### What you have to do
Report all lines of the data below that hold the word "face".
'''
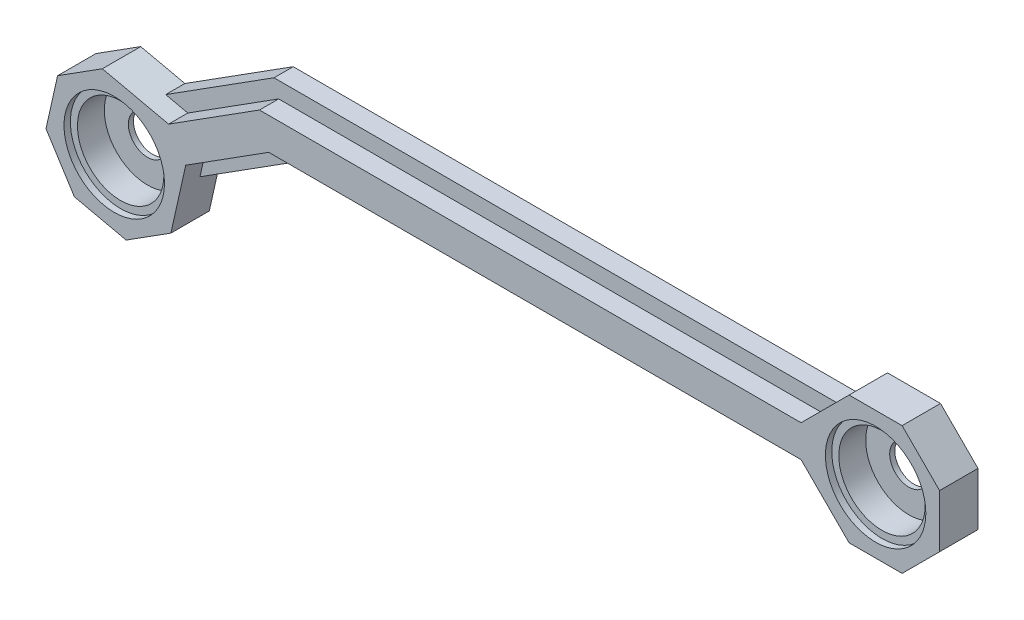
from build123d import *

# Parameters (mm, degrees)
SKETCH1_R           = 3
BOSS_EXTRUDE1_DEPTH = 6
BOSS_EXTRUDE2_DEPTH = 3
SKETCH3_R           = 7.85
CUT_EXTRUDE1_DEPTH  = 1
SKETCH4_R           = 6.75
CUT_EXTRUDE2_DEPTH  = 5.2
SKETCH5_W           = 10.298947731
SKETCH5_H           = 6.677630872
BOSS_EXTRUDE3_DEPTH = 0.8
SKETCH6_R           = 3
CUT_EXTRUDE3_DEPTH  = 0.8
BOSS_EXTRUDE5_START = -6
SKETCH7_R           = 9.071835919
SKETCH7_R_2         = 3
SKETCH7_R_3         = 8.53010645
BOSS_EXTRUDE5_DEPTH = 6
SKETCH8_R           = 7.85
CUT_EXTRUDE4_DEPTH  = 1
SKETCH9_R           = 6.75
CUT_EXTRUDE5_DEPTH  = 5.2
BOSS_EXTRUDE6_DEPTH = 3
CUT_EXTRUDE10_DEPTH = 3


with BuildPart() as part:
    # Sketch1 → Boss-Extrude1 (new body)
    with BuildSketch(Plane.XY):
        Polygon((4.142135624, 10), (-4.142135624, 10), (-11.642135624, 2.5), (-96.276080567, 2.5), (-110.474741511, -6.507268438), (-120.82549793, -4.191703376), (-127.82091412, -8.629417024), (-129.629482932, -16.713860663), (-125.191769284, -23.709276854), (-117.107325644, -25.517845665), (-110.111909454, -21.080132017), (-107.796344392, -10.729375598), (-94.823919433, -2.5), (-11.642135624, -2.5), (-4.142135624, -10), (4.142135624, -10), (10, -4.142135624), (10, 4.142135624), align=None)
        with Locations((-118.966411787, -14.85477452)):
            Circle(SKETCH1_R, mode=Mode.SUBTRACT)
        with Locations((-0.876614201, 0)):
            Circle(SKETCH1_R, mode=Mode.SUBTRACT)
    extrude(amount=-BOSS_EXTRUDE1_DEPTH)

    # Sketch2 → Boss-Extrude2 (add)
    with BuildSketch(Plane.XY):
        Polygon((-113.924993651, -5.735413417), (-110.474741511, -6.507268438), (-96.276080567, 2.5), (-11.642135624, 2.5), (-9.142135624, 5), (-97.002161134, 5), align=None)
        Polygon((-108.568199413, -14.179627738), (-107.796344392, -10.729375598), (-94.823919433, -2.5), (-11.642135624, -2.5), (-9.142135624, -5), (-94.097838866, -5), align=None)
    extrude(amount=-BOSS_EXTRUDE2_DEPTH)

    # Sketch3 → Cut-Extrude1 (cut)
    with BuildSketch(Plane(origin=(0, 0, -6), x_dir=(-1, 0, 0), z_dir=(0, 0, -1))):
        Circle(SKETCH3_R)
        with Locations((118.966411787, -14.85477452)):
            Circle(SKETCH3_R)
    extrude(amount=-CUT_EXTRUDE1_DEPTH, mode=Mode.SUBTRACT)

    # Sketch4 → Cut-Extrude2 (cut)
    with BuildSketch(Plane(origin=(0, 0, -6), x_dir=(-1, 0, 0), z_dir=(0, 0, -1))):
        Circle(SKETCH4_R)
        with Locations((118.966411787, -14.85477452)):
            Circle(SKETCH4_R)
    extrude(amount=-CUT_EXTRUDE2_DEPTH, mode=Mode.SUBTRACT)

    # Sketch5 → Boss-Extrude3 (add)
    with BuildSketch(Plane.XY):
        with Locations((-0.876614202, 0)):
            Rectangle(SKETCH5_W, SKETCH5_H)
    extrude(amount=-BOSS_EXTRUDE3_DEPTH)

    # Sketch6 → Cut-Extrude3 (cut)
    with BuildSketch(Plane.XY):
        Circle(SKETCH6_R)
    extrude(amount=-CUT_EXTRUDE3_DEPTH, mode=Mode.SUBTRACT)

    # Sketch7 → Boss-Extrude5 (add)
    # profile 1 of 2: a face of its own
    with BuildSketch(Plane(origin=(0, 0, -6), x_dir=(-1, 0, 0), z_dir=(0, 0, -1)).offset(BOSS_EXTRUDE5_START)):
        Circle(SKETCH7_R)
        with Locations(Location((0, 0, 0), (0, 0, 180))):
            Circle(SKETCH7_R_2, mode=Mode.SUBTRACT)
    # profile 2 of 2: a face of its own
    with BuildSketch(Plane(origin=(0, 0, -6), x_dir=(-1, 0, 0), z_dir=(0, 0, -1)).offset(BOSS_EXTRUDE5_START)):
        with Locations((118.966411787, -14.85477452)):
            Circle(SKETCH7_R_3)
        with Locations(Location((118.966411787, -14.85477452, 0), (0, 0, 180))):
            Circle(SKETCH7_R_2, mode=Mode.SUBTRACT)
    extrude(amount=BOSS_EXTRUDE5_DEPTH)

    # Sketch8 → Cut-Extrude4 (cut)
    with BuildSketch(Plane.XY):
        with Locations((-118.966411787, -14.85477452)):
            Circle(SKETCH8_R)
        Circle(SKETCH8_R)
    extrude(amount=-CUT_EXTRUDE4_DEPTH, mode=Mode.SUBTRACT)

    # Sketch9 → Cut-Extrude5 (cut)
    with BuildSketch(Plane.XY):
        with Locations((-118.966411787, -14.85477452)):
            Circle(SKETCH9_R)
        Circle(SKETCH9_R)
    extrude(amount=-CUT_EXTRUDE5_DEPTH, mode=Mode.SUBTRACT)

    # Sketch10 → Boss-Extrude6 (add)
    with BuildSketch(Plane(origin=(0, 0, -3), x_dir=(-1, 0, 0), z_dir=(0, 0, -1))):
        Polygon((9.142135624, -5), (11.642135624, -2.5), (94.823919433, -2.5), (107.796344392, -10.729375598), (108.568199413, -14.179627738), (94.097838866, -5), align=None)
        Polygon((9.142135624, 5), (11.642135624, 2.5), (96.276080567, 2.5), (110.474741511, -6.507268438), (113.924993651, -5.735413417), (97.002161134, 5), align=None)
    extrude(amount=BOSS_EXTRUDE6_DEPTH)

    # Sketch11 → Cut-Extrude10 (cut)
    with BuildSketch(Plane.XY):
        Polygon((-9.142135624, 5), (-97.002161134, 5), (-113.924993651, -5.735413417), (-110.474741511, -6.507268438), (-96.276080567, 2.5), (-11.642135624, 2.5), align=None)
        Polygon((-11.642135624, -2.5), (-94.823919433, -2.5), (-107.796344392, -10.729375598), (-108.568199413, -14.179627738), (-94.097838866, -5), (-9.142135624, -5), align=None)
    extrude(amount=-CUT_EXTRUDE10_DEPTH, mode=Mode.SUBTRACT)


solid = part.part
'''
### Result for this task
    # profile 1 of 2: a face of its own
    # profile 2 of 2: a face of its own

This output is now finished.